After a midmonth estimate put manufacturing expansion at a six-month low, April's final numbers don't look much better, according to a Markit report (link opens a PDF) released today.
The Markit U.S. Manufacturing Purchasing Managers' Index (PMI) fell 4.6% to 52.1 for April, compared to March's 54.6 reading and a previous April "flash" estimate of 52. Analysts' expectations of a 52 reading were essentially on-the-dot.
Although an above-50 reading signals improvements from the preceding month, this latest report signals the weakest expansion since October 2012.

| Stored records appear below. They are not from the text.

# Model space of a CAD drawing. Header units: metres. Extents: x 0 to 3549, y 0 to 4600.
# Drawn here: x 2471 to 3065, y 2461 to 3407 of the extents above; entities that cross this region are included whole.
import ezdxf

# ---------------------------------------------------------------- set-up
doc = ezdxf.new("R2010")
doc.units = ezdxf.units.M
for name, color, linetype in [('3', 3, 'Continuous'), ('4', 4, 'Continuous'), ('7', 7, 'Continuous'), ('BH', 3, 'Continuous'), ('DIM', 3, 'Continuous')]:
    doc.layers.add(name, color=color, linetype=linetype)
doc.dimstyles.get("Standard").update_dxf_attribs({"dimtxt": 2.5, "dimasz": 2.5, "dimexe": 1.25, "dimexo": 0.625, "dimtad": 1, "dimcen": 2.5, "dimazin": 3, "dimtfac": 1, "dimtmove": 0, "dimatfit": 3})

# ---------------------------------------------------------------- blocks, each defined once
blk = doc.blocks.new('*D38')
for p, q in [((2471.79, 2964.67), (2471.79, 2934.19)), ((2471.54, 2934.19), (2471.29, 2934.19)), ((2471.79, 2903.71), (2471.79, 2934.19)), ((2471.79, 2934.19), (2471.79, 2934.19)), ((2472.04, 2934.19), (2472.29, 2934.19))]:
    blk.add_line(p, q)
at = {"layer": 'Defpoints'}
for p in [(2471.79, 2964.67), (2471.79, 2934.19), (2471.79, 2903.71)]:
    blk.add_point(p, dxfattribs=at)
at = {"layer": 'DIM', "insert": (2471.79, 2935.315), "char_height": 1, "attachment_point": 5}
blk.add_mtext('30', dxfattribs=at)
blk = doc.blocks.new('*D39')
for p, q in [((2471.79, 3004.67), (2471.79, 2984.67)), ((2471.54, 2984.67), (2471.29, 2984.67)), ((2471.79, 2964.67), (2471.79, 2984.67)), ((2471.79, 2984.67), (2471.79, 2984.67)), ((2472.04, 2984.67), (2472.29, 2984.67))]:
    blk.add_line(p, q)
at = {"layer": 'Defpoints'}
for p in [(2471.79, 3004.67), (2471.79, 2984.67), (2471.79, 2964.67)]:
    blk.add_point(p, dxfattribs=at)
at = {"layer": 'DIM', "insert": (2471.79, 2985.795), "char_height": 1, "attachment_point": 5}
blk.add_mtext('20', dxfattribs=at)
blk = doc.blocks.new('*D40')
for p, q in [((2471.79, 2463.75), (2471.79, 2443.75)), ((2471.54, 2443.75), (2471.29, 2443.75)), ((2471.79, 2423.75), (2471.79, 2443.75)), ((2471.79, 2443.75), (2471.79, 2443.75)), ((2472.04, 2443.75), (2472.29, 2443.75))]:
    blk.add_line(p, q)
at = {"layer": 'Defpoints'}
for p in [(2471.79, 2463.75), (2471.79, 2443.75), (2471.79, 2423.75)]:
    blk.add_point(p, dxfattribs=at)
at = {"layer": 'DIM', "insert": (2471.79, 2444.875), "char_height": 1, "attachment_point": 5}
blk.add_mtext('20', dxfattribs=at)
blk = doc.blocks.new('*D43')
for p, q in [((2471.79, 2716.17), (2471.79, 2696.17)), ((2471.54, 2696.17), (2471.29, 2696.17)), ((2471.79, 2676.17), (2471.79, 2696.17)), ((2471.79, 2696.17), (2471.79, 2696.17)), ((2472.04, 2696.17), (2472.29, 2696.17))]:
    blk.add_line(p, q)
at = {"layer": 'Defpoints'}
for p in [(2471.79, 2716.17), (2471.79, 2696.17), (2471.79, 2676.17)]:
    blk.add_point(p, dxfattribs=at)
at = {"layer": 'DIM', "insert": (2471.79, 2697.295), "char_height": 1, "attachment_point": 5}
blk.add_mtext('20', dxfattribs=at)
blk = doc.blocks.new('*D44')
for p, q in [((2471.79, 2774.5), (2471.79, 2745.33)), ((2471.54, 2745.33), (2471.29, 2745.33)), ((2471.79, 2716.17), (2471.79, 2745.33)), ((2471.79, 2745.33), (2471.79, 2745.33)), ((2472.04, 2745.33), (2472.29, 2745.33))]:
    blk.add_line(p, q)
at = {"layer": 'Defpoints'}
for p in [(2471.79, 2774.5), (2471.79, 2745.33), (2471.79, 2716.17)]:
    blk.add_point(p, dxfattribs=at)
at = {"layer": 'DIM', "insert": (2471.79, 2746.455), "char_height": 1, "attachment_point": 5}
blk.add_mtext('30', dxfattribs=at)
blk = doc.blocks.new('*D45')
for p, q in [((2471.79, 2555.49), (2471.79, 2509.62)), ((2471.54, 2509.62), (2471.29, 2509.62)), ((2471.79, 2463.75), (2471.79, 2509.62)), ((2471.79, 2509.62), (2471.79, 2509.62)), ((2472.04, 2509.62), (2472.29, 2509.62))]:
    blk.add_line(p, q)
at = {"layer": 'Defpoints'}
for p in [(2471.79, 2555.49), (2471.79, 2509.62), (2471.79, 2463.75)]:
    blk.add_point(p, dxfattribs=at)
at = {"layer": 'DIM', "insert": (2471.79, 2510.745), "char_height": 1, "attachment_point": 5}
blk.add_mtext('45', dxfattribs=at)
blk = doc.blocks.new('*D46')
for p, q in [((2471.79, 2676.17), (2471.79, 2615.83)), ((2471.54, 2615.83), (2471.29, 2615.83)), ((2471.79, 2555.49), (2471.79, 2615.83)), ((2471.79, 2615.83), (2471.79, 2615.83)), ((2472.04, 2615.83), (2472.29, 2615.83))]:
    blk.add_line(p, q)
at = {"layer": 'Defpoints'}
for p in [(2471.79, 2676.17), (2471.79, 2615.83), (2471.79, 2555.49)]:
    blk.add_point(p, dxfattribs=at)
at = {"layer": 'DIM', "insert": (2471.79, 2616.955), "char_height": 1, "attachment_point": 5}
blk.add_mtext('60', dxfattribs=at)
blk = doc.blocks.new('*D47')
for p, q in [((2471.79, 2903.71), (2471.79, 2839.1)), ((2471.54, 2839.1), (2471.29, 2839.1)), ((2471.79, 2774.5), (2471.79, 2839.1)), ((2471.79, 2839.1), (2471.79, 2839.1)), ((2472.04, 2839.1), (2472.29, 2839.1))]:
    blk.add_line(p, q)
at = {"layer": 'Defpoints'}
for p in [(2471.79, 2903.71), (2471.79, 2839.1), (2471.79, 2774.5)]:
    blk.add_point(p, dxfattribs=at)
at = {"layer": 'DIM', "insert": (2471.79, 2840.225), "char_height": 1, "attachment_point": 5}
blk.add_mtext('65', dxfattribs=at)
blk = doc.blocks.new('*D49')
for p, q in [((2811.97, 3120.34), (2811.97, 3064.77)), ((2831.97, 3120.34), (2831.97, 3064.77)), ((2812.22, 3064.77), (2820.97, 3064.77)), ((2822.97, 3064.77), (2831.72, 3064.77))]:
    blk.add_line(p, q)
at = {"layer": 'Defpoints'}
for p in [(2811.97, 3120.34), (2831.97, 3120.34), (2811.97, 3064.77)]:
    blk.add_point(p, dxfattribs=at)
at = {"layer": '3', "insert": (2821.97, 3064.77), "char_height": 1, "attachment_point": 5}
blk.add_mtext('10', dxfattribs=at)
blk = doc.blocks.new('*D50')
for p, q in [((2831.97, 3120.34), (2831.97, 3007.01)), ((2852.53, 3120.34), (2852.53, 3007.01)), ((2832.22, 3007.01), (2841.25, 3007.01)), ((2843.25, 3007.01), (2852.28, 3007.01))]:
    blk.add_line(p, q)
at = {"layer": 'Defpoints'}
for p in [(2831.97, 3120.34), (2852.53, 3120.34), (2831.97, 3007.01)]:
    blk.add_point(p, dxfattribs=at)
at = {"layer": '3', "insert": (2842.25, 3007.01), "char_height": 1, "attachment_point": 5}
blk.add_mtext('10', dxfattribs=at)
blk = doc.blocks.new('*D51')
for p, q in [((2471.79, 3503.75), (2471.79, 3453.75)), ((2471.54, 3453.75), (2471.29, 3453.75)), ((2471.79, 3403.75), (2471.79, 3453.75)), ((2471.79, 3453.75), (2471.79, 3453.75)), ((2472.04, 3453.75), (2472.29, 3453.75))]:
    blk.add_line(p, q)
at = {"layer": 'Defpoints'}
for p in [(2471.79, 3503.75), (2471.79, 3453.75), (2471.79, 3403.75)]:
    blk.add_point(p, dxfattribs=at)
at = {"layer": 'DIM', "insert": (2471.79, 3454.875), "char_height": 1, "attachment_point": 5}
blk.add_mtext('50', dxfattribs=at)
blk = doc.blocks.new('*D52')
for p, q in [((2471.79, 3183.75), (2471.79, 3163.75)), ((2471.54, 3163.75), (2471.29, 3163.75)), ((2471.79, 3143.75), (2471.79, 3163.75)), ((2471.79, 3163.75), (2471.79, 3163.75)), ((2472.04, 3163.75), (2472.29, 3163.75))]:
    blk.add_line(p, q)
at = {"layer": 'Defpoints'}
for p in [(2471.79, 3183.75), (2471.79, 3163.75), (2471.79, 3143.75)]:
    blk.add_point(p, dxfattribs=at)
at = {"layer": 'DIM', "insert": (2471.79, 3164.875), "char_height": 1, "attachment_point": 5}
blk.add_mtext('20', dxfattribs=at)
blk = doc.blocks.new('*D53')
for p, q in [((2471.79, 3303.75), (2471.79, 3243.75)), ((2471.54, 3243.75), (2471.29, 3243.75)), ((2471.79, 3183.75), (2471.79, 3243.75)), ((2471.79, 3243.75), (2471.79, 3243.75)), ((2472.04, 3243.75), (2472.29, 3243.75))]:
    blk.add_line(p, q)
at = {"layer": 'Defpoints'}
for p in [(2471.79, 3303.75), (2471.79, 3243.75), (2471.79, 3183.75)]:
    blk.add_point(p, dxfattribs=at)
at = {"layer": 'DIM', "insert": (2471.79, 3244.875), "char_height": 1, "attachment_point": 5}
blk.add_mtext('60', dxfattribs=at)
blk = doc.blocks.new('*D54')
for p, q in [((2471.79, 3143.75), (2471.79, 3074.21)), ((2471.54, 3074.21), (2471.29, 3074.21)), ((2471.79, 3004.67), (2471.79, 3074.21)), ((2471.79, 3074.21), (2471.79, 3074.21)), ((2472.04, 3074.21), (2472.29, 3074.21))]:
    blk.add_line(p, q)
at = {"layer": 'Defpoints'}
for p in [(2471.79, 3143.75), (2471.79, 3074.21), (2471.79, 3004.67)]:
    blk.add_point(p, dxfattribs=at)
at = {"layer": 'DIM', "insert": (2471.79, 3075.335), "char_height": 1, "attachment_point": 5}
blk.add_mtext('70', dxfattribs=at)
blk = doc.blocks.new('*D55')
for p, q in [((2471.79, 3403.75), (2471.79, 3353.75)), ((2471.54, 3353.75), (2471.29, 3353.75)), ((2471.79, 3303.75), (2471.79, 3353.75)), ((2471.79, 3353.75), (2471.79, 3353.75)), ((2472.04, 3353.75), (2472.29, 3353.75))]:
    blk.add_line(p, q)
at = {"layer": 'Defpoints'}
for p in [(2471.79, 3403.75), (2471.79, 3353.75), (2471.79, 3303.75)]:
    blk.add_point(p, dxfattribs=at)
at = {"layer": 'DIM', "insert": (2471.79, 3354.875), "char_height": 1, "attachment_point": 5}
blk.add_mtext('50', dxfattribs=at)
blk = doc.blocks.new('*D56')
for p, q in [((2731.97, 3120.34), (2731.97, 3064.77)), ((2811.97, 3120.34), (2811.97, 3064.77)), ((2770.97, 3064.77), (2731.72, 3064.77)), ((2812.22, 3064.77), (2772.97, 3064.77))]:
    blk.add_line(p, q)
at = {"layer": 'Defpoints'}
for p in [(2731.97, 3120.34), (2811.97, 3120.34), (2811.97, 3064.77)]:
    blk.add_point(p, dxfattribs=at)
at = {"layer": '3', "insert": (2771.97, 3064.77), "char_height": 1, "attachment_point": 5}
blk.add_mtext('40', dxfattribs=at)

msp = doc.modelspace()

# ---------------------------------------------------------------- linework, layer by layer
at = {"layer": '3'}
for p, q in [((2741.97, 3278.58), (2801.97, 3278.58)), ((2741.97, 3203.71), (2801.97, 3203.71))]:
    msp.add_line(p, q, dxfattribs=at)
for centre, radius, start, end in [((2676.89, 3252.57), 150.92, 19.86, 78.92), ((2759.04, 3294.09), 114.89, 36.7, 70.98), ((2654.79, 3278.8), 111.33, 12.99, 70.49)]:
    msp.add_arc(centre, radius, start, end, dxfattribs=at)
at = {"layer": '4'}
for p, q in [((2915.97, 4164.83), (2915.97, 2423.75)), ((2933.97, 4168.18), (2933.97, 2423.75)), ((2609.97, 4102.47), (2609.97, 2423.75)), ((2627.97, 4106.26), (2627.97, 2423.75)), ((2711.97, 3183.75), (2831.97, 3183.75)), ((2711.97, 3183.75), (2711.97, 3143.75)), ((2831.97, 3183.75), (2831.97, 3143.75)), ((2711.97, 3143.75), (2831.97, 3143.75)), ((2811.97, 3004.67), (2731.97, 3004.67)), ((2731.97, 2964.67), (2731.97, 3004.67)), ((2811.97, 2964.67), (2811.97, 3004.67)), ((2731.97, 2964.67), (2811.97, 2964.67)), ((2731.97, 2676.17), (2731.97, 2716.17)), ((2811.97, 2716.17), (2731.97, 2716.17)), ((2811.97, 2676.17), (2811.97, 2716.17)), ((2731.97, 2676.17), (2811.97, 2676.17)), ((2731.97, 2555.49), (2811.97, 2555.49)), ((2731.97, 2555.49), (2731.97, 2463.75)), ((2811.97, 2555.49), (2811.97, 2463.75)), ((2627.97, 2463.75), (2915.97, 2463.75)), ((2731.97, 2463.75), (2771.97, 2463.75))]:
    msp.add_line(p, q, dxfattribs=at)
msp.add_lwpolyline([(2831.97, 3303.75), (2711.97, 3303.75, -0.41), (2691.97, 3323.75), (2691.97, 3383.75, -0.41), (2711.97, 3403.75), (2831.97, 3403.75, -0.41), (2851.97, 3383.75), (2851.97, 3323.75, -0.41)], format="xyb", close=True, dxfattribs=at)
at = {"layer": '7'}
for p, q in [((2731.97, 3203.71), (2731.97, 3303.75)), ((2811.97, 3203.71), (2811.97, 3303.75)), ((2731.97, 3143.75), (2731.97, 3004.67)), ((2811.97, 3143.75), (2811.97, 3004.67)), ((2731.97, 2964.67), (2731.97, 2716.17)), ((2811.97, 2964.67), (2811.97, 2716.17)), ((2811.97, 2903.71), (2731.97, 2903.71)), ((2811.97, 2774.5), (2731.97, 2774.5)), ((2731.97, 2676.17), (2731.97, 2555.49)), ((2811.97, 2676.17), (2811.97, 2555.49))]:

Markit Chief Economist Chris Williamson made the following remarks in a statement today:
The PMI survey suggests that the economy is showing signs of yet another 'spring swoon' as it moves into the second quarter, linked to a softening of demand in the home market. Manufacturers had reported the best quarter for two years in the first three months of the year, but a steep downturn in growth of orders in April suggests that this impressive performance could be shortlived. Firms have responded quickly to weaker growth of orders by limiting growth of both output and employment.
Despite new order growth rates hitting a six-month low, there are some reasons for optimism. Williamson pointed to steady growth in export orders (a 51.8 for March and April) as well as further "easing" of inflationary pressures as ways to keep manufacturing demand high and the economy in full recovery mode.